Come on, folks, he’s the guy who described Democrats as the “enemy from within,” as his MAGA minions nodded behind him.
Overall, if every tax cut he’s promised is passed in the form he proposed it, which is highly unlikely, the cost to the government will be more than $9 trillion over the next decade, according to the Committee for a Responsible Federal Budget. Now throw in the cost of rounding up 10 to 15 million, or maybe 20 million illegal immigrants (using Trump’s highly-suspect numbers), and we’re starting to see a nation in a bit of financial trouble.
When Trump’s fallen into financial trouble personally in the past, he simply declared bankruptcy … six times, right, or around there? But that’s not an option for a nation. Who will pay in the long run? In one way or another, the 98% of Americans who aren’t wealthy will somehow end up paying a lot more than we’ll be helped by Trump’s tax cuts.
You know it, and I know it.

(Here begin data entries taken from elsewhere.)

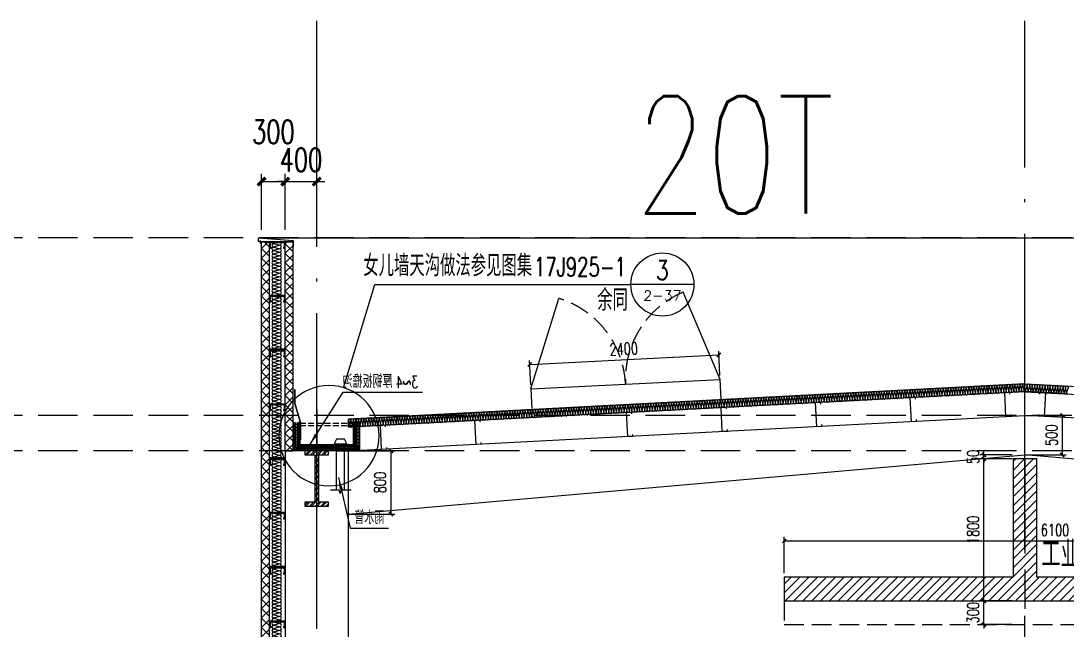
# Model space of a CAD drawing. Extents: x -1899985 to -450366, y 556196 to 2151267.
# Drawn here: x -676970 to -663710, y 581788 to 589505 of the extents above; entities that cross this region are included whole.
import ezdxf
from ezdxf.enums import TextEntityAlignment as Align

# ---------------------------------------------------------------- set-up
doc = ezdxf.new("R2010")
doc.units = 0
doc.header["$LTSCALE"] = 1000
doc.header["$MEASUREMENT"] = 0
for name, pattern in [('__DASH', [0.35, 0.25, -0.1]), ('DASH', [0.35, 0.25, -0.1]), ('DOTE', [2.42, 2, -0.2, 0.02, -0.2])]:
    doc.linetypes.add(name, pattern=pattern)
doc.layers.get('Defpoints').update_dxf_attribs({"color": 210})
for name, color, linetype in [('A-AXIS-DOTE', 14, 'DOTE'), ('A-AXIS-DP', 126, 'Continuous'), ('A-AXIS-SYMB', 3, 'Continuous'), ('A-HATCH-2', 251, 'Continuous'), ('A-LIN-V', 9, 'Continuous'), ('A-SFCE', 30, 'Continuous'), ('AS-COLN', 6, 'Continuous'), ('AS-WALL', 40, 'Continuous'), ('COLUMN', 9, 'Continuous'), ('DIM_LEAD', 3, 'Continuous'), ('DIM_SYMB', 3, 'Continuous'), ('PUB_HATCH', 8, 'Continuous'), ('PUB_TEXT', 7, 'Continuous'), ('建-墙-填充', 8, 'Continuous'), ('建-尺寸', 3, 'Continuous'), ('建-文字', 7, 'Continuous'), ('建-柱-钢', 9, 'Continuous')]:
    doc.layers.add(name, color=color, linetype=linetype)
doc.styles.add('_TCH_DIM', font='SIMPLEX', dxfattribs={"bigfont": 'GBCBIG'})
doc.styles.add('_TCH_DIM_T3', font='SIMPLEX', dxfattribs={"width": 0.705882, "bigfont": 'GBCBIG'})
doc.styles.add('A-DIM_T3', font='SIMPLEX', dxfattribs={"width": 0.705882, "bigfont": 'GBCBIG'})
doc.styles.add('A-STANDARD', font='SIMPLEX', dxfattribs={"bigfont": 'GBCBIG'})
doc.dimstyles.new('_TCH_ARCH&&100', dxfattribs={"dimtxt": 297.5, "dimasz": 100, "dimexe": 100, "dimexo": 100, "dimgap": 126.25, "dimtad": 1, "dimdec": 0, "dimzin": 0, "dimdsep": 46, "dimtxsty": '_TCH_DIM_T3', "dimblk": 'ARCHTICK', "dimcen": 0.09, "dimclrt": 7, "dimazin": 2, "dimtfac": 1, "dimtdec": 0, "dimtix": 1, "dimtmove": 2, "dimatfit": 3, "dimfxl": 0, "dimtolj": 1, "dimtzin": 0, "dimarcsym": 0})
doc.dimstyles.new('A-DIM&&50', dxfattribs={"dimtxt": 148.75, "dimasz": 50, "dimexe": 50, "dimexo": 50, "dimgap": 63.125, "dimtad": 1, "dimdec": 0, "dimzin": 0, "dimdsep": 46, "dimtxsty": 'A-DIM_T3', "dimblk": 'ARCHTICK', "dimcen": 0.09, "dimclrt": 7, "dimazin": 2, "dimtfac": 1, "dimtdec": 0, "dimtix": 1, "dimtmove": 2, "dimatfit": 3, "dimfxl": 0, "dimtolj": 1, "dimtzin": 0, "dimarcsym": 0})
pattern_1 = [(45, (60, 0), (-60.000061, 60.000061), []), (135, (60, 0), (-60.000061, -60.000061), [])]

# ---------------------------------------------------------------- blocks, each defined once
blk = doc.blocks.new('G$CBF9D2CED')
at = {"layer": '建-墙-填充'}
h = blk.add_hatch(dxfattribs=at)
h.set_pattern_fill('金属', color=256, scale=20, style=0)
h.set_pattern_definition([(45, (0, 0), (-35.3553, 35.3553), []), (45, (23.57, 0), (-35.3553, 35.3553), [])])
h.paths.add_polyline_path([(-150, 0), (-150, -50), (-25, -50), (-25, -650), (-150, -650), (-150, -700), (150, -700), (150, -650), (25, -650), (25, -50), (150, -50), (150, 0)])
at = {"layer": '建-柱-钢'}
for p, q in [((-150, 0), (-150, -50)), ((150, 0), (-150, 0)), ((150, -50), (150, 0)), ((-150, -50), (-25, -50)), ((-25, -50), (-25, -650)), ((25, -650), (25, -50)), ((25, -50), (150, -50)), ((-25, -650), (-150, -650)), ((-150, -650), (-150, -700)), ((150, -650), (25, -650)), ((150, -700), (150, -650)), ((-150, -700), (150, -700))]:
    blk.add_line(p, q, dxfattribs=at)
blk = doc.blocks.new('_ArchTick')
at = {"color": 0, "linetype": 'ByBlock', "const_width": 0.4}
blk.add_lwpolyline([(-0.5, -0.5), (0.5, 0.5)], dxfattribs=at)
blk = doc.blocks.new('*D485')
at = {"layer": 'Defpoints', "color": 0}
for p in [(-520, 2150), (-110, 2150), (-110, 2100)]:
    blk.add_point(p, dxfattribs=at)
at = {"layer": '建-尺寸', "color": 0, "lineweight": -2}
for p, q in [((-160, 2150), (-570, 2150)), ((-520, 2150), (-520, 2200)), ((-520, 2100), (-520, 2150)), ((-160, 2100), (-570, 2100)), ((-520, 2100), (-520, 2050))]:
    blk.add_line(p, q, dxfattribs=at)
at = {"layer": '建-尺寸', "color": 0, "lineweight": -2, "xscale": 50, "yscale": 50, "zscale": 50}
for p, rotation in [((-520, 2150), 270), ((-520, 2100), 90)]:
    blk.add_blockref('_ArchTick', p, dxfattribs=dict(at, rotation=rotation))
at = {"layer": '建-尺寸', "color": 7, "insert": (-657, 2125), "char_height": 148.8, "attachment_point": 5, "rotation": 90, "style": 'A-DIM_T3'}
blk.add_mtext('\\A1;50', dxfattribs=at)
blk = doc.blocks.new('*D486')
at = {"layer": 'Defpoints', "color": 0}
for p in [(-520, 2100), (-110, 2100), (-110, 300)]:
    blk.add_point(p, dxfattribs=at)
at = {"layer": '建-尺寸', "color": 0, "lineweight": -2}
for p, q in [((-160, 2100), (-570, 2100)), ((-520, 300), (-520, 2100)), ((-160, 300), (-570, 300))]:
    blk.add_line(p, q, dxfattribs=at)
at = {"layer": '建-尺寸', "color": 0, "lineweight": -2, "xscale": 50, "yscale": 50, "zscale": 50}
for p, rotation in [((-520, 2100), 90), ((-520, 300), 270)]:
    blk.add_blockref('_ArchTick', p, dxfattribs=dict(at, rotation=rotation))
at = {"layer": '建-尺寸', "color": 7, "insert": (-657, 1200), "char_height": 148.8, "attachment_point": 5, "rotation": 90, "style": 'A-DIM_T3'}
blk.add_mtext('\\A1;1800', dxfattribs=at)
blk = doc.blocks.new('*D487')
at = {"layer": 'Defpoints', "color": 0}
for p in [(-520, 300), (-110, 300), (-110, 0)]:
    blk.add_point(p, dxfattribs=at)
at = {"layer": '建-尺寸', "color": 0, "lineweight": -2}
for p, q in [((-160, 300), (-570, 300)), ((-520, 300), (-520, 350)), ((-520, 0), (-520, 300)), ((-160, 0), (-570, 0)), ((-520, 0), (-520, -50))]:
    blk.add_line(p, q, dxfattribs=at)
at = {"layer": '建-尺寸', "color": 0, "lineweight": -2, "xscale": 50, "yscale": 50, "zscale": 50}
for p, rotation in [((-520, 300), 270), ((-520, 0), 90)]:
    blk.add_blockref('_ArchTick', p, dxfattribs=dict(at, rotation=rotation))
at = {"layer": '建-尺寸', "color": 7, "insert": (-657, 150), "char_height": 148.8, "attachment_point": 5, "rotation": 90, "style": 'A-DIM_T3'}
blk.add_mtext('\\A1;300', dxfattribs=at)
blk = doc.blocks.new('*D488')
at = {"layer": 'Defpoints', "color": 0}
for p in [(3050, 1060), (-3050, 600), (3050, 600)]:
    blk.add_point(p, dxfattribs=at)
at = {"layer": '建-尺寸', "color": 0, "lineweight": -2}
for p, q in [((-3050, 650), (-3050, 1110)), ((3050, 650), (3050, 1110)), ((-3050, 1060), (3050, 1060))]:
    blk.add_line(p, q, dxfattribs=at)
at = {"layer": '建-尺寸', "color": 0, "lineweight": -2, "xscale": 50, "yscale": 50, "zscale": 50, "rotation": 180}
blk.add_blockref('_ArchTick', (-3050, 1060), dxfattribs=at)
at = {"layer": '建-尺寸', "color": 0, "lineweight": -2, "xscale": 50, "yscale": 50, "zscale": 50}
blk.add_blockref('_ArchTick', (3050, 1060), dxfattribs=at)
at = {"layer": '建-尺寸', "color": 7, "insert": (382, 1198), "char_height": 148.8, "attachment_point": 5, "style": 'A-DIM_T3'}
blk.add_mtext('\\A1;6100', dxfattribs=at)
blk = doc.blocks.new('CURVEPATTERNLIB$SYSLIB$岩棉板')
at = {"color": 0}
for p, q in [((0, -17), (12, -67)), ((12, -67), (24, -17))]:
    blk.add_line(p, q, dxfattribs=at)
for centre, start, end in [((12, -17), 0, 180), ((0, -67), 270, 0), ((24, -67), 180, 270)]:
    blk.add_arc(centre, 12, start, end, dxfattribs=at)
blk = doc.blocks.new('*D534')
at = {"layer": 'Defpoints', "color": 0}
for p in [(-759830, 584507), (-759305, 584507), (-759830, 584007)]:
    blk.add_point(p, dxfattribs=at)
at = {"layer": '建-尺寸', "color": 0, "lineweight": -2}
for p, q in [((-759780, 584507), (-759255, 584507)), ((-759305, 584007), (-759305, 584507)), ((-759780, 584007), (-759255, 584007))]:
    blk.add_line(p, q, dxfattribs=at)
at = {"layer": '建-尺寸', "color": 0, "lineweight": -2, "xscale": 50, "yscale": 50, "zscale": 50}
for p, rotation in [((-759305, 584507), 90), ((-759305, 584007), 270)]:
    blk.add_blockref('_ArchTick', p, dxfattribs=dict(at, rotation=rotation))
at = {"layer": '建-尺寸', "color": 7, "insert": (-759442, 584257), "char_height": 148.8, "attachment_point": 5, "rotation": 90, "style": 'A-DIM_T3'}
blk.add_mtext('\\A1;500', dxfattribs=at)
blk = doc.blocks.new('*D536')
at = {"layer": 'Defpoints', "color": 0}
for p in [(-768405, 584057), (-767814, 584057), (-768405, 583257)]:
    blk.add_point(p, dxfattribs=at)
at = {"layer": '建-尺寸', "color": 0, "lineweight": -2}
for p, q in [((-768355, 584057), (-767764, 584057)), ((-767814, 583257), (-767814, 584057)), ((-768355, 583257), (-767764, 583257))]:
    blk.add_line(p, q, dxfattribs=at)
at = {"layer": '建-尺寸', "color": 0, "lineweight": -2, "xscale": 50, "yscale": 50, "zscale": 50}
for p, rotation in [((-767814, 584057), 90), ((-767814, 583257), 270)]:
    blk.add_blockref('_ArchTick', p, dxfattribs=dict(at, rotation=rotation))
at = {"layer": '建-尺寸', "color": 7, "insert": (-767952, 583657), "char_height": 148.8, "attachment_point": 5, "rotation": 90, "style": 'A-DIM_T3'}
blk.add_mtext('\\A1;800', dxfattribs=at)
blk = doc.blocks.new('*D539')
at = {"layer": 'Defpoints', "color": 0}
for p in [(-1772730, 580856), (-1772720, 580546), (-1775119, 580472)]:
    blk.add_point(p, dxfattribs=at)
at = {"layer": '建-尺寸', "color": 0, "lineweight": -2}
for p, q in [((-1772722, 580596), (-1772731, 580906)), ((-1775121, 580522), (-1775130, 580832)), ((-1775129, 580782), (-1772730, 580856))]:
    blk.add_line(p, q, dxfattribs=at)
at = {"layer": '建-尺寸', "color": 0, "lineweight": -2, "xscale": 50, "yscale": 50, "zscale": 50}
for p, rotation in [((-1775129, 580782), 181.7756994795312), ((-1772730, 580856), 1.775699479531219)]:
    blk.add_blockref('_ArchTick', p, dxfattribs=dict(at, rotation=rotation))
at = {"layer": '建-尺寸', "color": 7, "insert": (-1773934, 580956), "char_height": 148.8, "attachment_point": 5, "rotation": 1.7757, "style": 'A-DIM_T3'}
blk.add_mtext('\\A1;2400', dxfattribs=at)
blk = doc.blocks.new('$LinePat$岩棉板')
at = {"color": 0}
for p, q in [((0, -17), (12, -67)), ((12, -67), (24, -17))]:
    blk.add_line(p, q, dxfattribs=at)
for points in [[(24, -1.5), (0, -1.5)], [(24, -84), (0, -84)]]:
    blk.add_lwpolyline(points)
for centre, start, end in [((12, -17), 0, 180), ((0, -67), 270, 0), ((24, -67), 180, 270)]:
    blk.add_arc(centre, 12, start, end, dxfattribs=at)
blk = doc.blocks.new('e5345454')
at = {"layer": 'A-LIN-V'}
h = blk.add_hatch(dxfattribs=at)
h.set_pattern_fill('金属', color=256, scale=10)
h.set_pattern_definition([(45, (350, 0), (-17.67766953, 17.67766953), []), (45, (361.785, 0), (-17.67766953, 17.67766953), [])])
h.paths.add_polyline_path([(1161309, -3405469), (1161299, -3405469), (1161299, -3405769), (1161999, -3405769), (1161999, -3405469), (1161989, -3405469), (1161989, -3405759), (1161309, -3405759)])
at = {"layer": 'A-AXIS-DOTE', "linetype": '__DASH', "ltscale": 2}
blk.add_line((1161774, -3405320), (1161774, -3406120), dxfattribs=at)
at = {"layer": 'A-LIN-V'}
for points in [[(1161309, -3405469), (1161299, -3405469), (1161299, -3405769), (1161999, -3405769), (1161999, -3405469), (1161989, -3405469), (1161989, -3405469), (1161989, -3405469), (1161989, -3405759), (1161309, -3405759), (1161309, -3405469)], [(1161394, -3405749), (1161424, -3405690), (1161524, -3405690), (1161554, -3405749), (1161394, -3405749)], [(1161426, -3405749), (1161426, -3406338)], [(1161526, -3405749), (1161526, -3406338)]]:
    blk.add_lwpolyline(points, dxfattribs=at)
at = {"layer": 'A-LIN-V', "linetype": 'DASH', "ltscale": 0.3}
for points in [[(1161989, -3405489), (1161309, -3405489)], [(1161989, -3405519), (1161309, -3405519)]]:
    blk.add_lwpolyline(points, dxfattribs=at)
at = {"layer": 'DIM_LEAD'}
for p, q in [((1161440, -3405093), (1160432, -3405093)), ((1161862, -3405760), (1161440, -3405093)), ((1161498, -3406175), (1161350, -3406817)), ((1161350, -3406817), (1160864, -3406817))]:
    blk.add_line(p, q, dxfattribs=at)
for points in [[(1161862, -3405760, 0, 40, 0), (1161782, -3405633, 0, 0, 0)], [(1161498, -3406175, 0, 40, 0), (1161464, -3406321, 0, 0, 0)]]:
    blk.add_lwpolyline(points, format="xyseb", dxfattribs=at)
at = {"layer": 'DIM_SYMB'}
blk.add_lwpolyline([(1161339, -3406338), (1161447, -3406338), (1161462, -3406296), (1161477, -3406380), (1161492, -3406338), (1161599, -3406338)], dxfattribs=at)
at = {"layer": 'A-LIN-V', "yscale": 0.7272727272727273, "zscale": 0.7272727272727273}
for p, xscale, rotation in [((1161229, -3405479), -0.7499999999999999, 90), ((1161229, -3405497), -0.7499999999999999, 90), ((1161229, -3405515), -0.7499999999999999, 90), ((1161229, -3405533), -0.7499999999999999, 90), ((1161229, -3405551), -0.7499999999999999, 90), ((1161229, -3405569), -0.7499999999999999, 90), ((1161229, -3405587), -0.7499999999999999, 90), ((1162069, -3405479), 0.7499999999999999, 270), ((1162069, -3405497), 0.7499999999999999, 270), ((1162069, -3405515), 0.7499999999999999, 270), ((1162069, -3405533), 0.7499999999999999, 270), ((1162069, -3405551), 0.7499999999999999, 270), ((1162069, -3405569), 0.7499999999999999, 270), ((1162069, -3405587), 0.7499999999999999, 270), ((1161229, -3405605), -0.7499999999999999, 90), ((1161229, -3405623), -0.7499999999999999, 90), ((1161229, -3405641), -0.7499999999999999, 90), ((1161229, -3405659), -0.7499999999999999, 90), ((1161229, -3405677), -0.7499999999999999, 90), ((1161229, -3405695), -0.7499999999999999, 90), ((1161229, -3405713), -0.7499999999999999, 90), ((1162069, -3405605), 0.7499999999999999, 270), ((1162069, -3405623), 0.7499999999999999, 270), ((1162069, -3405641), 0.7499999999999999, 270), ((1162069, -3405659), 0.7499999999999999, 270), ((1162069, -3405677), 0.7499999999999999, 270), ((1162069, -3405695), 0.7499999999999999, 270), ((1162069, -3405713), 0.7499999999999999, 270), ((1161229, -3405839), -0.7682291666666666, 180), ((1161229, -3405731), -0.7499999999999999, 90), ((1161229, -3405749), -0.7499999999999999, 90), ((1161229, -3405767), -0.7499999999999999, 90), ((1161229, -3405785), -0.7499999999999999, 90), ((1161229, -3405803), -0.7499999999999999, 90), ((1161229, -3405821), -0.7499999999999999, 90), ((1161247, -3405839), -0.7682291666666666, 180), ((1161265, -3405839), -0.7682291666666666, 180), ((1161284, -3405839), -0.7682291666666666, 180), ((1161302, -3405839), -0.7682291666666666, 180), ((1161321, -3405839), -0.7682291666666666, 180), ((1161339, -3405839), -0.7682291666666666, 180), ((1161358, -3405839), -0.7682291666666666, 180), ((1161376, -3405839), -0.7682291666666666, 180), ((1161395, -3405839), -0.7682291666666666, 180), ((1161413, -3405839), -0.7682291666666666, 180), ((1161431, -3405839), -0.7682291666666666, 180), ((1161450, -3405839), -0.7682291666666666, 180), ((1161468, -3405839), -0.7682291666666666, 180), ((1161487, -3405839), -0.7682291666666666, 180), ((1161505, -3405839), -0.7682291666666666, 180), ((1161541, -3405839), 0.73252688172043, 180), ((1161559, -3405839), 0.73252688172043, 180), ((1161576, -3405839), 0.73252688172043, 180), ((1161594, -3405839), 0.73252688172043, 180), ((1161611, -3405839), 0.73252688172043, 180), ((1161629, -3405839), 0.73252688172043, 180), ((1161647, -3405839), 0.73252688172043, 180), ((1161664, -3405839), 0.73252688172043, 180), ((1161682, -3405839), 0.73252688172043, 180), ((1161699, -3405839), 0.73252688172043, 180), ((1161717, -3405839), 0.73252688172043, 180), ((1161735, -3405839), 0.73252688172043, 180), ((1161752, -3405839), 0.73252688172043, 180), ((1161770, -3405839), 0.73252688172043, 180), ((1161787, -3405839), 0.73252688172043, 180), ((1161805, -3405839), 0.73252688172043, 180), ((1161822, -3405839), 0.73252688172043, 180), ((1161840, -3405839), 0.73252688172043, 180), ((1161858, -3405839), 0.73252688172043, 180), ((1161875, -3405839), 0.73252688172043, 180), ((1161893, -3405839), 0.73252688172043, 180), ((1161910, -3405839), 0.73252688172043, 180), ((1161928, -3405839), 0.73252688172043, 180), ((1161946, -3405839), 0.73252688172043, 180), ((1161963, -3405839), 0.73252688172043, 180), ((1161981, -3405839), 0.73252688172043, 180), ((1161998, -3405839), 0.73252688172043, 180), ((1162016, -3405839), 0.73252688172043, 180), ((1162069, -3405731), 0.7499999999999999, 270), ((1162069, -3405749), 0.7499999999999999, 270), ((1162069, -3405767), 0.7499999999999999, 270), ((1162069, -3405785), 0.7499999999999999, 270), ((1162069, -3405803), 0.7499999999999999, 270), ((1162069, -3405821), 0.7499999999999999, 270), ((1162033, -3405839), 0.73252688172043, 180), ((1162051, -3405839), 0.73252688172043, 180), ((1162069, -3405839), 0.73252688172043, 180)]:
    blk.add_blockref('$LinePat$岩棉板', p, dxfattribs=dict(at, xscale=xscale, rotation=rotation))
at = {"layer": 'PUB_TEXT', "style": '_TCH_DIM', "width": 0.705882}
blk.add_text('3~4', height=148.8, dxfattribs=at).set_placement((1160484, -3405041))
at = {"layer": 'PUB_TEXT', "style": '_TCH_DIM'}
for s, p in [('厚钢板檐沟', (1160814, -3405041)), ('雨水管', (1160917, -3406765))]:
    blk.add_text(s, height=168.8, dxfattribs=at).set_placement(p)
blk = doc.blocks.new('w432432')
at = {"layer": 'A-LIN-V', "color": 3, "const_width": 20}
blk.add_lwpolyline([(-1779789, 580840), (-1779789, 580660), (-1779715, 580413), (-1779715, 580194)], dxfattribs=at)
blk = doc.blocks.new('G$C59B9C3A2')
at = {"layer": 'A-LIN-V'}
blk.add_lwpolyline([(79, -17), (-334, -17)], dxfattribs=at)
at = {"layer": 'AS-WALL'}
blk.add_lwpolyline([(-334, -38), (-334, -5), (-358, -17), (-358, 33), (79, 0), (79, -84)], dxfattribs=at)
blk = doc.blocks.new('CURVEPATTERNLIB$SYSLIB$防水材料1')
at = {"layer": 'PUB_HATCH'}
h = blk.add_hatch(dxfattribs=at)
h.set_pattern_fill('ANSI31', color=256, scale=10, angle=90, style=0)
h.set_pattern_definition([(45, (-196995.837, -685381.036), (11.22532015, -11.22532015), [])])
h.paths.add_polyline_path([(35, 0), (0, 0), (0, -100), (35, -100), (35, -90), (30, -90), (30, -95), (5, -95), (5, -5), (30, -5), (30, -10), (35, -10)])
h = blk.add_hatch(dxfattribs=at)
h.set_pattern_fill('ANSI31', color=256, scale=10, angle=90, style=0)
h.set_pattern_definition([(45, (-196695.837, -685381.036), (11.22532015, -11.22532015), [])])
h.paths.add_polyline_path([(335, 0), (300, 0), (300, -100), (335, -100), (335, -90), (330, -90), (330, -95), (305, -95), (305, -5), (330, -5), (330, -10), (335, -10)])
at = {"layer": 'A-LIN-V', "extrusion": (-3.26108e-18, 2.41725e-31, -1)}
blk.add_line((600, 0), (600, -100), dxfattribs=at)
at = {"layer": 'A-LIN-V'}
for p, q in [((30, -10), (35, -10)), ((330, -10), (335, -10)), ((30, -90), (35, -90)), ((330, -90), (335, -90))]:
    blk.add_line(p, q, dxfattribs=at)
at = {"layer": 'A-LIN-V', "extrusion": (-3.26108e-18, 2.41725e-31, -1)}
for points in [[(-35, -10), (-35, 0), (0, 0), (0, -100), (-35, -100), (-35, -90)], [(-335, -10), (-335, 0), (-300, 0), (-300, -100), (-335, -100), (-335, -90)], [(-30, -10), (-30, -5), (-5, -5), (-5, -95), (-30, -95), (-30, -90)], [(-330, -10), (-330, -5), (-305, -5), (-305, -95), (-330, -95), (-330, -90)]]:
    blk.add_lwpolyline(points, dxfattribs=at)
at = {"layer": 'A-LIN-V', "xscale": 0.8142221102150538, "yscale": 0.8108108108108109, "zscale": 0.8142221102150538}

And heaven help our kids and grandkids whose taxes will be paying higher borrowing costs on an unsustainable national debt.
Perhaps our burden will start with Elon Musk finding ways to undercut programs that help older Americans live with dignity in their retirement, and poor folks survive in an increasingly tough economic environment. Heaven knows he won’t be making us any safer in our homes, on the job or on the street in a Trump-supported push to eliminate government regulations.
Could everyday folks gain from the tariffs Trump says he’ll impose on goods from international foes and friends alike? He says so, but a tariff is basically an economic wolf in sheep’s clothing, according to many financial experts. They’re paid by importers, and the costs are typically passed on. Walmart and Target are among the biggest US importers. You think they won’t raise prices on their products to cover their higher costs?
Trump will boast about how much the tariffs are bringing into the federal government, likely dramatically increasing the numbers to make them sound better. But the bottomline is that tariffs are pretty much taxes on everyday folks that Trump hopes will stay hidden under a different guise. Yeah we’re back to the wolf in sheep’s clothing simile.
Stay focused, folks. As Napoleon Bonaparte, yet another a strongman leader, is quoted as saying: “If you wish to be a success in the world, promise everything, deliver nothing.”
You didn't mention Trump's promise to eliminate taxes on tips and overtime which Harris also picked up on. Both would be a big mistake in my view. Moreover, employers would use such a measure to keep base pay low in the case of tipped employees and to reduce paying extra for overtime.